The first Conservative Budget since 1996

We’ve been waiting for this Budget with bated breath since the Conservatives won the election in May – and the Chancellor delivered a lot in his “big Budget” of Summer 2015. In many ways, Mr Osborne’s announcements this time around are more important than in March, as this Budget sets out many of the measures the Conservatives have wanted to put in place for some time.

How is this Budget going to affect you? One of the most talked about features has been the plan to cut the welfare bill by £12bn, as Mr Osborne aims to be “bold in building the aspirations of working people”. There will be major changes to the system of tax credits, with only those lowest-income families being able to claim tax credits.
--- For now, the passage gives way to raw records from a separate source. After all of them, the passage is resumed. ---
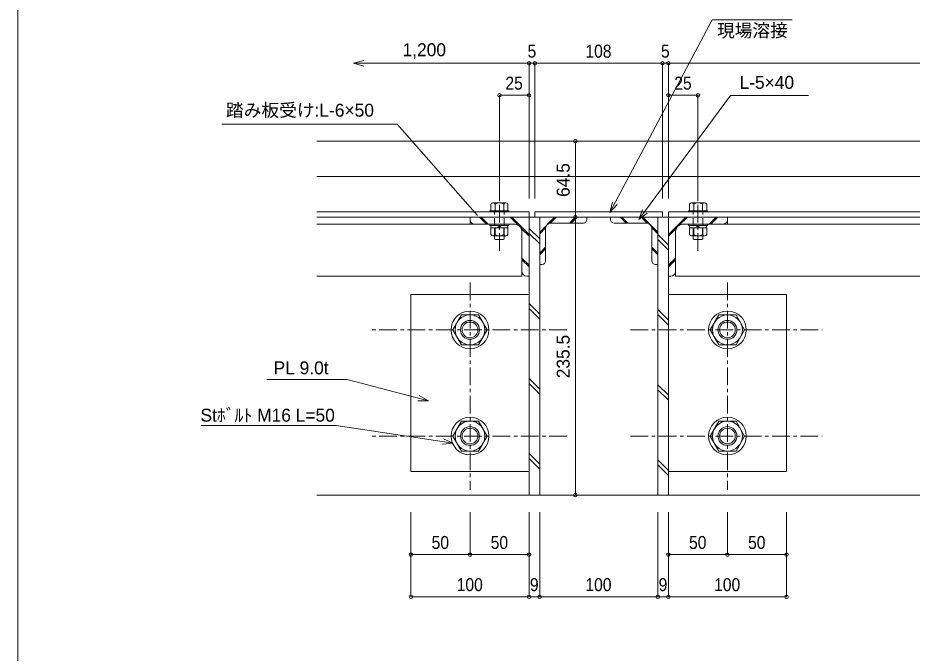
# Model space of a CAD drawing. Units: millimetres at full size, sheet at 1:15, with parts at other scales. Extents: x -31727 to 34047, y 3005 to 21987.
# Drawn here: x -4804 to -1018, y 5697 to 8390 of the extents above; entities that cross this region are included whole.
import ezdxf
from ezdxf.enums import TextEntityAlignment as Align

# ---------------------------------------------------------------- set-up
doc = ezdxf.new("R2010")
doc.units = ezdxf.units.MM
doc.header["$LTSCALE"] = 15
doc.header["$PDMODE"] = 32
doc.header["$PDSIZE"] = 15
doc.linetypes.add('CHAIN1', pattern=[8, 5, -1, 1, -1])
doc.linetypes.add('DASHED2', pattern=[3, 2, -1])
for name, color, linetype, lineweight in [('0-0', 5, 'Continuous', 9), ('3-0', 3, 'Continuous', 9), ('4-0', 5, 'Continuous', 9)]:
    doc.layers.add(name, color=color, linetype=linetype, lineweight=lineweight)
doc.styles.add('Ｄ ゴシック', font='')
doc.styles.get('Ｄ ゴシック').set_extended_font_data('Ｄ ゴシック')

msp = doc.modelspace()

# ---------------------------------------------------------------- linework, layer by layer
at = {"layer": '0-0'}
msp.add_line((-4804.45, 3004.81), (-4804.45, 11094.68), dxfattribs=at)
at = {"layer": '3-0'}
for p, q in [((-3383.13, 8196.97), (-3339.66, 8185.32)), ((-2639.91, 8196.97), (-2639.91, 7623.48)), ((-2614.91, 8196.97), (-2614.91, 7623.48)), ((-2074.91, 8196.97), (-2614.91, 8196.97)), ((-2049.91, 8196.97), (-2074.91, 8196.97)), ((-2074.91, 8196.97), (-2074.91, 7623.48)), ((1704.89, 8196.97), (-2049.91, 8196.97)), ((-2049.91, 8196.97), (-2049.91, 7623.48)), ((-2639.91, 8061.5), (-2764.91, 8061.5)), ((-2764.91, 8061.5), (-2764.91, 7623.48)), ((-2639.91, 8061.5), (-2639.91, 7935.06)), ((-2049.91, 8061.5), (-1924.91, 8061.5)), ((-2049.91, 8061.5), (-2049.91, 7935.06)), ((-1924.91, 8061.5), (-1924.91, 7623.48)), ((-2443.89, 7867.15), (-2443.89, 7544.65)), ((-2443.89, 7867.15), (-2316.91, 7867.15)), ((-3538, 7717.15), (-594.96, 7717.15)), ((-2443.89, 7544.65), (-2316.91, 7544.65)), ((-2443.89, 7544.65), (-2443.89, 6367.15)), ((-2443.89, 6367.15), (-2316.91, 6367.15)), ((-3139.91, 5936.03), (-3139.91, 6294.74)), ((-3139.91, 6114.65), (-3139.91, 6294.74)), ((-2889.91, 6114.65), (-2889.91, 6294.74)), ((-2639.91, 5936.03), (-2639.91, 6294.74)), ((-2639.91, 5936.03), (-2639.91, 6294.74)), ((-2639.91, 6114.65), (-2639.91, 6294.74)), ((-2594.91, 5936.03), (-2594.91, 6294.74)), ((-2094.91, 5936.03), (-2094.91, 6294.74)), ((-2049.91, 5936.03), (-2049.91, 6294.74)), ((-2049.91, 5936.03), (-2049.91, 6294.74)), ((-2049.91, 6114.65), (-2049.91, 6294.74)), ((-1799.91, 6114.65), (-1799.91, 6294.74)), ((-1549.91, 5936.03), (-1549.91, 6294.74)), ((-1549.91, 6114.65), (-1549.91, 6294.74)), ((-2889.91, 6114.65), (-3139.91, 6114.65)), ((-2639.91, 6114.65), (-2889.91, 6114.65)), ((-1799.91, 6114.65), (-2049.91, 6114.65)), ((-1549.91, 6114.65), (-1799.91, 6114.65)), ((-2639.91, 5936.03), (-3139.91, 5936.03)), ((-2594.91, 5936.03), (-2639.91, 5936.03)), ((-2094.91, 5936.03), (-2594.91, 5936.03)), ((-2049.91, 5936.03), (-2094.91, 5936.03)), ((-2049.91, 5936.03), (-1549.91, 5936.03))]:
    msp.add_line(p, q, dxfattribs=at)
at = {"layer": '3-0', "color": 5}
for p, q in [((-3198.57, 7939.79), (-2858.55, 7552.04)), ((-2802.04, 7600.21), (-2802.04, 7572.15)), ((-2792.9, 7605.49), (-2738.19, 7605.49)), ((-2783.76, 7600.21), (-2783.76, 7572.15)), ((-2747.33, 7600.21), (-2747.33, 7572.15)), ((-2729.04, 7600.21), (-2729.04, 7572.15)), ((-1960.77, 7600.21), (-1960.77, 7572.15)), ((-1896.91, 7605.49), (-1951.63, 7605.49)), ((-1942.49, 7600.21), (-1942.49, 7572.15)), ((-1906.05, 7600.21), (-1906.05, 7572.15)), ((-1887.77, 7600.21), (-1887.77, 7572.15)), ((-2639.91, 7544.65), (-2889.91, 7544.65)), ((-2889.91, 7514.65), (-2889.91, 7544.65)), ((-2725.54, 7572.15), (-2805.54, 7572.15)), ((-2805.54, 7572.15), (-2805.54, 7567.15)), ((-2725.54, 7567.15), (-2805.54, 7567.15)), ((-2802.04, 7572.15), (-2729.04, 7572.15)), ((-2725.54, 7567.15), (-2725.54, 7572.15)), ((-2639.91, 7294.65), (-2639.91, 7544.65)), ((-2594.91, 7544.65), (-2394.91, 7544.65)), ((-2594.91, 7344.65), (-2594.91, 7544.65)), ((-2394.91, 7534.65), (-2394.91, 7544.65)), ((-2294.91, 7544.65), (-2094.91, 7544.65)), ((-2294.91, 7534.65), (-2294.91, 7544.65)), ((-2094.91, 7544.65), (-2094.91, 7344.65)), ((-2049.91, 7544.65), (-2049.91, 7294.65)), ((-1799.91, 7544.65), (-2049.91, 7544.65)), ((-1964.27, 7572.15), (-1884.27, 7572.15)), ((-1964.27, 7567.15), (-1964.27, 7572.15)), ((-1964.27, 7567.15), (-1884.27, 7567.15)), ((-1887.77, 7572.15), (-1960.77, 7572.15)), ((-1884.27, 7572.15), (-1884.27, 7567.15)), ((-1799.91, 7514.65), (-1799.91, 7544.65)), ((-3538, 7514.65), (-2869.91, 7514.65)), ((-2869.91, 7514.65), (-2699.91, 7514.65)), ((-2805.54, 7514.65), (-2805.54, 7509.65)), ((-2805.54, 7514.65), (-2725.54, 7514.65)), ((-2805.54, 7509.65), (-2725.54, 7509.65)), ((-2802.04, 7471.6), (-2802.04, 7499.65)), ((-2729.04, 7499.65), (-2802.04, 7499.65)), ((-2801.38, 7509.65), (-2801.38, 7499.65)), ((-2783.76, 7471.6), (-2783.76, 7499.65)), ((-2762.44, 7509.44), (-2772.98, 7499.7)), ((-2758.15, 7509.65), (-2768.98, 7499.65)), ((-2747.33, 7471.6), (-2747.33, 7499.65)), ((-2729.71, 7499.65), (-2729.71, 7509.65)), ((-2729.04, 7471.6), (-2729.04, 7499.65)), ((-2725.54, 7509.65), (-2725.54, 7514.65)), ((-2547.41, 7519.65), (-2409.91, 7519.65)), ((-2142.41, 7519.65), (-2279.91, 7519.65)), ((-1819.91, 7514.65), (-1989.91, 7514.65)), ((-1884.27, 7514.65), (-1964.27, 7514.65)), ((-1964.27, 7509.65), (-1964.27, 7514.65)), ((-1884.27, 7509.65), (-1964.27, 7509.65)), ((-1960.77, 7471.6), (-1960.77, 7499.65)), ((-1960.77, 7499.65), (-1887.77, 7499.65)), ((-1960.1, 7499.65), (-1960.1, 7509.65)), ((-1942.49, 7471.6), (-1942.49, 7499.65)), ((-1931.67, 7509.65), (-1920.84, 7499.65)), ((-1927.38, 7509.44), (-1916.83, 7499.7)), ((-1906.05, 7471.6), (-1906.05, 7499.65)), ((-1888.44, 7509.65), (-1888.44, 7499.65)), ((-1887.77, 7471.6), (-1887.77, 7499.65)), ((-1884.27, 7514.65), (-1884.27, 7509.65)), ((-594.96, 7514.65), (-1819.91, 7514.65)), ((-2738.19, 7466.32), (-2792.9, 7466.32)), ((-2785.54, 7452.99), (-2785.54, 7466.32)), ((-2669.91, 7294.65), (-2669.91, 7484.65)), ((-2569.91, 7497.15), (-2569.91, 7359.65)), ((-2119.91, 7497.15), (-2119.91, 7359.65)), ((-2019.91, 7294.65), (-2019.91, 7484.65)), ((-1951.63, 7466.32), (-1896.91, 7466.32)), ((-1904.27, 7452.99), (-1904.27, 7466.32)), ((-2782.21, 7449.65), (-2785.54, 7452.99)), ((-2748.88, 7449.65), (-2782.21, 7449.65)), ((-1940.94, 7449.65), (-1907.6, 7449.65)), ((-1907.6, 7449.65), (-1904.27, 7452.99)), ((-2584.91, 7344.65), (-2594.91, 7344.65)), ((-2104.91, 7344.65), (-2094.91, 7344.65)), ((-3538, 7294.65), (-2669.91, 7294.65)), ((-2649.91, 7294.65), (-2639.91, 7294.65)), ((-2039.91, 7294.65), (-2049.91, 7294.65)), ((-594.96, 7294.65), (-2019.91, 7294.65)), ((-2926.37, 7130.49), (-2962.91, 7067.21)), ((-2853.44, 7130.49), (-2926.37, 7130.49)), ((-2816.91, 7067.21), (-2853.44, 7130.49)), ((-1872.91, 7067.21), (-1836.37, 7130.49)), ((-1836.37, 7130.49), (-1763.44, 7130.49)), ((-1763.44, 7130.49), (-1726.91, 7067.21)), ((-2962.91, 7067.21), (-2926.34, 7003.88)), ((-2853.47, 7003.88), (-2816.91, 7067.21)), ((-1836.34, 7003.88), (-1872.91, 7067.21)), ((-1726.91, 7067.21), (-1763.47, 7003.88)), ((-2926.34, 7003.88), (-2853.47, 7003.88)), ((-1763.47, 7003.88), (-1836.34, 7003.88)), ((-3410.56, 6856.57), (-3066.18, 6766.7)), ((-2926.37, 6680.49), (-2962.91, 6617.21)), ((-2853.44, 6680.49), (-2926.37, 6680.49)), ((-2816.91, 6617.21), (-2853.44, 6680.49)), ((-1872.91, 6617.21), (-1836.37, 6680.49)), ((-1836.37, 6680.49), (-1763.44, 6680.49)), ((-1763.44, 6680.49), (-1726.91, 6617.21)), ((-2962.91, 6617.21), (-2926.34, 6553.88)), ((-2853.47, 6553.88), (-2816.91, 6617.21)), ((-1836.34, 6553.88), (-1872.91, 6617.21)), ((-1726.91, 6617.21), (-1763.47, 6553.88)), ((-2926.34, 6553.88), (-2853.47, 6553.88)), ((-1763.47, 6553.88), (-1836.34, 6553.88))]:
    msp.add_line(p, q, dxfattribs=at)
at = {"layer": '3-0', "color": 1, "lineweight": 5}
for p, q in [((-594.96, 7867.15), (-3538, 7867.15)), ((-2594.91, 7452.48), (-2639.91, 7497.48)), ((-2594.91, 7431.26), (-2639.91, 7476.26)), ((-2049.91, 7426.27), (-2094.91, 7471.27)), ((-2049.91, 7405.05), (-2094.91, 7450.05)), ((-2594.91, 7134.28), (-2639.91, 7179.28)), ((-2594.91, 7113.06), (-2639.91, 7158.06)), ((-2049.91, 7108.07), (-2094.91, 7153.07)), ((-2049.91, 7086.86), (-2094.91, 7131.86)), ((-2594.91, 6816.08), (-2639.91, 6861.08)), ((-2594.91, 6794.87), (-2639.91, 6839.87)), ((-2049.91, 6789.87), (-2094.91, 6834.87)), ((-2049.91, 6768.66), (-2094.91, 6813.66)), ((-2594.91, 6497.88), (-2639.91, 6542.88)), ((-2594.91, 6476.67), (-2639.91, 6521.67)), ((-2049.91, 6471.67), (-2094.91, 6516.67)), ((-2049.91, 6450.46), (-2094.91, 6495.46)), ((-3538, 6367.15), (-594.96, 6367.15))]:
    msp.add_line(p, q, dxfattribs=at)
at = {"layer": '3-0', "color": 4, "linetype": 'CHAIN1'}
for p, q in [((-2764.91, 7402.78), (-2764.91, 7660.51)), ((-1924.91, 7402.78), (-1924.91, 7660.51)), ((-2889.91, 7267.94), (-2889.91, 6389.28)), ((-1799.91, 7267.94), (-1799.91, 6389.28)), ((-2479.27, 7067.15), (-3314.36, 7067.15)), ((-2210.54, 7067.15), (-1398.1, 7067.15)), ((-2479.27, 6617.15), (-3314.36, 6617.15)), ((-2210.54, 6617.15), (-1398.1, 6617.15))]:
    msp.add_line(p, q, dxfattribs=at)
at = {"layer": '3-0', "color": 7, "lineweight": 18}
for p, q in [((-3538, 7567.15), (-2639.91, 7567.15)), ((-3538, 7544.65), (-2049.91, 7544.65)), ((-2639.91, 7544.65), (-2639.91, 7567.15)), ((-2639.91, 7544.65), (-2639.91, 6367.15)), ((-2614.91, 7544.65), (-2614.91, 7567.15)), ((-2614.91, 7567.15), (-2074.91, 7567.15)), ((-2594.91, 7544.65), (-2594.91, 6367.15)), ((-2094.91, 7544.65), (-2094.91, 6367.15)), ((-2074.91, 7544.65), (-2074.91, 7567.15)), ((-2049.91, 7544.65), (-2049.91, 7567.15)), ((-2049.91, 7567.15), (-594.96, 7567.15)), ((-2049.91, 7544.65), (-594.96, 7544.65)), ((-3139.91, 7217.15), (-3139.91, 6467.15)), ((-2639.91, 7217.15), (-3139.91, 7217.15)), ((-2049.91, 7217.15), (-1549.91, 7217.15)), ((-1549.91, 7217.15), (-1549.91, 6467.15)), ((-2639.91, 6467.15), (-3139.91, 6467.15)), ((-2049.91, 6467.15), (-1549.91, 6467.15)), ((-2639.91, 6367.15), (-2594.91, 6367.15))]:
    msp.add_line(p, q, dxfattribs=at)
at = {"layer": '3-0', "color": 4}
for p, q in [((-2820.03, 7514.65), (-2850.03, 7544.65)), ((-2812.96, 7514.65), (-2842.96, 7544.65)), ((-2687.53, 7511.98), (-2720.2, 7544.65)), ((-2639.91, 7471.43), (-2713.13, 7544.65)), ((-2594.91, 7481.6), (-2531.85, 7544.65)), ((-2549.92, 7519.51), (-2524.78, 7544.65)), ((-2468.17, 7519.65), (-2443.17, 7544.65)), ((-2461.1, 7519.65), (-2436.1, 7544.65)), ((-2253.72, 7544.65), (-2228.72, 7519.65)), ((-2246.65, 7544.65), (-2221.65, 7519.65)), ((-2165.04, 7544.65), (-2139.9, 7519.51)), ((-2157.97, 7544.65), (-2094.91, 7481.6)), ((-1976.69, 7544.65), (-2049.91, 7471.43)), ((-1969.62, 7544.65), (-2002.29, 7511.98)), ((-1846.86, 7544.65), (-1876.86, 7514.65)), ((-1839.79, 7544.65), (-1869.79, 7514.65)), ((-2594.91, 7474.52), (-2569.77, 7499.67)), ((-2120.05, 7499.67), (-2094.91, 7474.52)), ((-2639.91, 7464.36), (-2672.58, 7497.04)), ((-2017.23, 7497.04), (-2049.91, 7464.36)), ((-2594.91, 7392.91), (-2569.91, 7417.91)), ((-2594.91, 7385.84), (-2569.91, 7410.84)), ((-2119.91, 7417.91), (-2094.91, 7392.91)), ((-2119.91, 7410.84), (-2094.91, 7385.84)), ((-2639.91, 7341.6), (-2669.91, 7371.6)), ((-2639.91, 7334.53), (-2669.91, 7364.53)), ((-2019.91, 7371.6), (-2049.91, 7341.6)), ((-2019.91, 7364.53), (-2049.91, 7334.53))]:
    msp.add_line(p, q, dxfattribs=at)
at = {"layer": '3-0', "color": 5, "linetype": 'DASHED2'}
for p, q in [((-2785.54, 7466.32), (-2785.54, 7572.15)), ((-2745.54, 7466.32), (-2745.54, 7572.15)), ((-1944.27, 7466.32), (-1944.27, 7572.15)), ((-1904.27, 7466.32), (-1904.27, 7572.15))]:
    msp.add_line(p, q, dxfattribs=at)
at = {"layer": '3-0'}
msp.add_lwpolyline([(-2614.91, 8196.97), (-3383.13, 8196.97), (-3339.66, 8208.62)], dxfattribs=at)
at = {"layer": '3-0', "color": 7, "lineweight": 18}
msp.add_lwpolyline([(-2049.91, 7544.65), (-2049.91, 6367.15), (-2094.91, 6367.15)], dxfattribs=at)
at = {"layer": '3-0', "color": 5}
for points in [[(-2745.54, 7466.32), (-2745.54, 7452.99), (-2748.88, 7449.65)], [(-1944.27, 7466.32), (-1944.27, 7452.99), (-1940.94, 7449.65)], [(-4028.2, 6661.61), (-3456.39, 6661.61), (-2961.09, 6587.43)]]:
    msp.add_lwpolyline(points, dxfattribs=at)
for centre, radius in [((-2889.91, 7067.21), 80), ((-2889.91, 7067.21), 63.33), ((-1799.91, 7067.21), 80), ((-1799.91, 7067.21), 63.33), ((-2889.91, 7067.21), 40), ((-2889.91, 7067.21), 33.33), ((-1799.91, 7067.21), 40), ((-1799.91, 7067.21), 33.33), ((-2889.91, 6617.21), 80), ((-2889.91, 6617.21), 63.33), ((-1799.91, 6617.21), 80), ((-1799.91, 6617.21), 63.33), ((-2889.91, 6617.21), 40), ((-2889.91, 6617.21), 33.33), ((-1799.91, 6617.21), 40), ((-1799.91, 6617.21), 33.33)]:
    msp.add_circle(centre, radius, dxfattribs=at)
for centre, radius, start, end in [((-2792.9, 7594.93), 10.56, 29.99998, 150), ((-2765.54, 7571.41), 34.08, 57.68597, 122.31401), ((-2738.19, 7594.93), 10.56, 29.99998, 150), ((-1951.63, 7594.93), 10.56, 30, 150.00002), ((-1924.27, 7571.41), 34.08, 57.68599, 122.31403), ((-1896.91, 7594.93), 10.56, 30, 150.00002), ((-2869.91, 7534.65), 20, 180, 270), ((-2699.91, 7484.65), 30, 0, 90), ((-2547.41, 7497.15), 22.5, 90, 180), ((-2409.91, 7534.65), 15, 270, 0), ((-2279.91, 7534.65), 15, 180, 270), ((-2142.41, 7497.15), 22.5, 0, 90), ((-1989.91, 7484.65), 30, 90, 180), ((-1819.91, 7534.65), 20, 270, 0), ((-2792.9, 7476.88), 10.56, 209.99998, 330), ((-2765.54, 7500.4), 34.08, 237.68597, 302.31401), ((-2738.19, 7476.88), 10.56, 209.99998, 330), ((-1951.63, 7476.88), 10.56, 210, 330.00002), ((-1924.27, 7500.4), 34.08, 237.68599, 302.31403), ((-1896.91, 7476.88), 10.56, 210, 330.00002), ((-2584.91, 7359.65), 15, 270, 0), ((-2104.91, 7359.65), 15, 180, 270), ((-2649.91, 7314.65), 20, 180, 270), ((-2039.91, 7314.65), 20, 270, 0)]:
    msp.add_arc(centre, radius, start, end, dxfattribs=at)
at = {"layer": '3-0'}
for p in [(-2639.91, 8196.97), (-2614.91, 8196.97), (-2074.91, 8196.97), (-2049.91, 8196.97), (-2764.91, 8061.5), (-2639.91, 8061.5), (-2049.91, 8061.5), (-1924.91, 8061.5), (-2443.89, 7867.15), (-2443.89, 7544.65), (-2443.89, 6367.15), (-3139.91, 6114.65), (-2889.91, 6114.65), (-2639.91, 6114.65), (-2049.91, 6114.65), (-1799.91, 6114.65), (-1549.91, 6114.65), (-3139.91, 5936.03), (-2639.91, 5936.03), (-2594.91, 5936.03), (-2094.91, 5936.03), (-2049.91, 5936.03), (-1549.91, 5936.03)]:
    msp.add_point(p, dxfattribs=at)
at = {"layer": '4-0'}
for p, q in [((-1864.98, 8381.15), (-2297.25, 7565.21)), ((-1864.98, 8381.15), (-1525.27, 8381.15)), ((-1786.49, 8061.27), (-2175.27, 7534.5)), ((-1786.49, 8061.27), (-1456.95, 8061.27)), ((-3940.6, 7939.79), (-3198.57, 7939.79)), ((-2297.25, 7565.21), (-2287.19, 7609.07)), ((-2297.25, 7565.21), (-2266.61, 7598.17)), ((-2175.27, 7534.5), (-2158.83, 7576.38)), ((-2175.27, 7534.5), (-2140.09, 7562.55)), ((-3750.27, 6856.57), (-3410.56, 6856.57)), ((-3066.18, 6766.7), (-3105.3, 6788.94)), ((-3066.18, 6766.7), (-3111.18, 6766.41)), ((-2961.09, 6587.43), (-3002.35, 6605.39)), ((-2961.09, 6587.43), (-3005.8, 6582.35))]:
    msp.add_line(p, q, dxfattribs=at)

# ---------------------------------------------------------------- texts
at = {"layer": '3-0', "style": 'Ｄ ゴシック'}
for s, p in [('1,200', (-3175.51, 8210.51)), ('Stﾎﾞﾙﾄ M16 L=50', (-4031.29, 6661.61))]:
    msp.add_text(s, height=54.99, dxfattribs=at).set_placement(p, align=Align.BOTTOM_LEFT)
at = {"layer": '3-0', "style": 'Ｄ ゴシック', "width": 0.9}
for s, p in [('5', (-2646.16, 8204.47)), ('108', (-2401.16, 8204.47)), ('5', (-2081.16, 8204.47)), ('25', (-2739.91, 8069)), ('25', (-2024.91, 8069)), ('50', (-3052.41, 6122.15)), ('50', (-2802.41, 6122.15)), ('50', (-1962.41, 6122.15)), ('50', (-1712.41, 6122.15)), ('100', (-2946.16, 5943.53)), ('9', (-2636.16, 5943.53)), ('100', (-2401.16, 5943.53)), ('9', (-2091.16, 5943.53)), ('100', (-1856.16, 5943.53))]:
    msp.add_text(s, height=54.99, dxfattribs=at).set_placement(p, align=Align.BOTTOM_LEFT)
at = {"layer": '3-0', "style": 'Ｄ ゴシック'}
for s, p in [('64.5', (-2451.39, 7630.9)), ('235.5', (-2451.39, 6862.15))]:
    msp.add_text(s, height=54.99, rotation=90, dxfattribs=at).set_placement(p, align=Align.BOTTOM_LEFT)
at = {"layer": '4-0', "color": 3, "style": 'Ｄ ゴシック'}
for s, p in [('現場溶接', (-1844.06, 8292.17)), ('L-5×40', (-1748.68, 8072.17)), ('踏み板受け:L-6×50', (-3923.14, 7954.34)), ('PL 9.0t', (-3721.72, 6862.28))]:
    msp.add_text(s, height=54.99, dxfattribs=at).set_placement(p, align=Align.BOTTOM_LEFT)

doc.saveas('drawing.dxf')

This will be combined with changes to entitlement to Universal Credit.

Property also featured heavily, with some important changes for landlords:

  • Tax relief on mortgage interest payments on residential property will be restricted to the basic rate of tax, a change that will be phased in over four years from April 2017.
  • Private landlords’ wear and tear allowance will be replaced in April 2016 with a deduction for the actual cost of replacing furnishings.
  • There will be an extra inheritance tax nil rate band for main residences passed on death to descendants, starting at £100,000 in 2017-18 and rising to £175,000 by 2020/21.
  • From 6 April 2016 the lifetime allowance for pensions will be reduced from £1.25 million to £1 million as previously announced.
  • From April 2016 a tapered reduction in the amount of the annual allowance will be
    introduced for individuals with income (including the value of any pension  contributions) of over £150,000 and who have an income (excluding pension contributions) in excess of £110,000.
  • The cost of funding free TV licenses for the over-75s will be transferred from the government to the BBC between 2018 and 2021.
  • The annual household benefit cap will be reduced to £23,000 in London and £20,000 elsewhere.
  • There will be a consultation on changing Sunday trading laws.
  • Subsidies for social housing will be phased out for local authority and housing association tenants in England who earn more than £30,000 (£40,000 in London). Tenants will have to pay up to the market rate.
  • Dividend tax credit will be abolished from April 2016 and there will be a new dividend tax allowance of £5,000 a year. In addition, there will be new dividend taxes.
  • The NIC employment allowance of £2,000 will rise to £3,000 from April 2016, but will not be available for single director/employee companies.
  • Non-UK domiciled individuals who have been resident in the UK for at least 15 of the last 20 years will be treated as UK domiciled for tax, including inheritance tax, from April 2017.
  • The government will be consulting on radical reform of the system of tax relief for pensions.
  • The introduction of the secondary market in pension annuities has been postponed until 2017.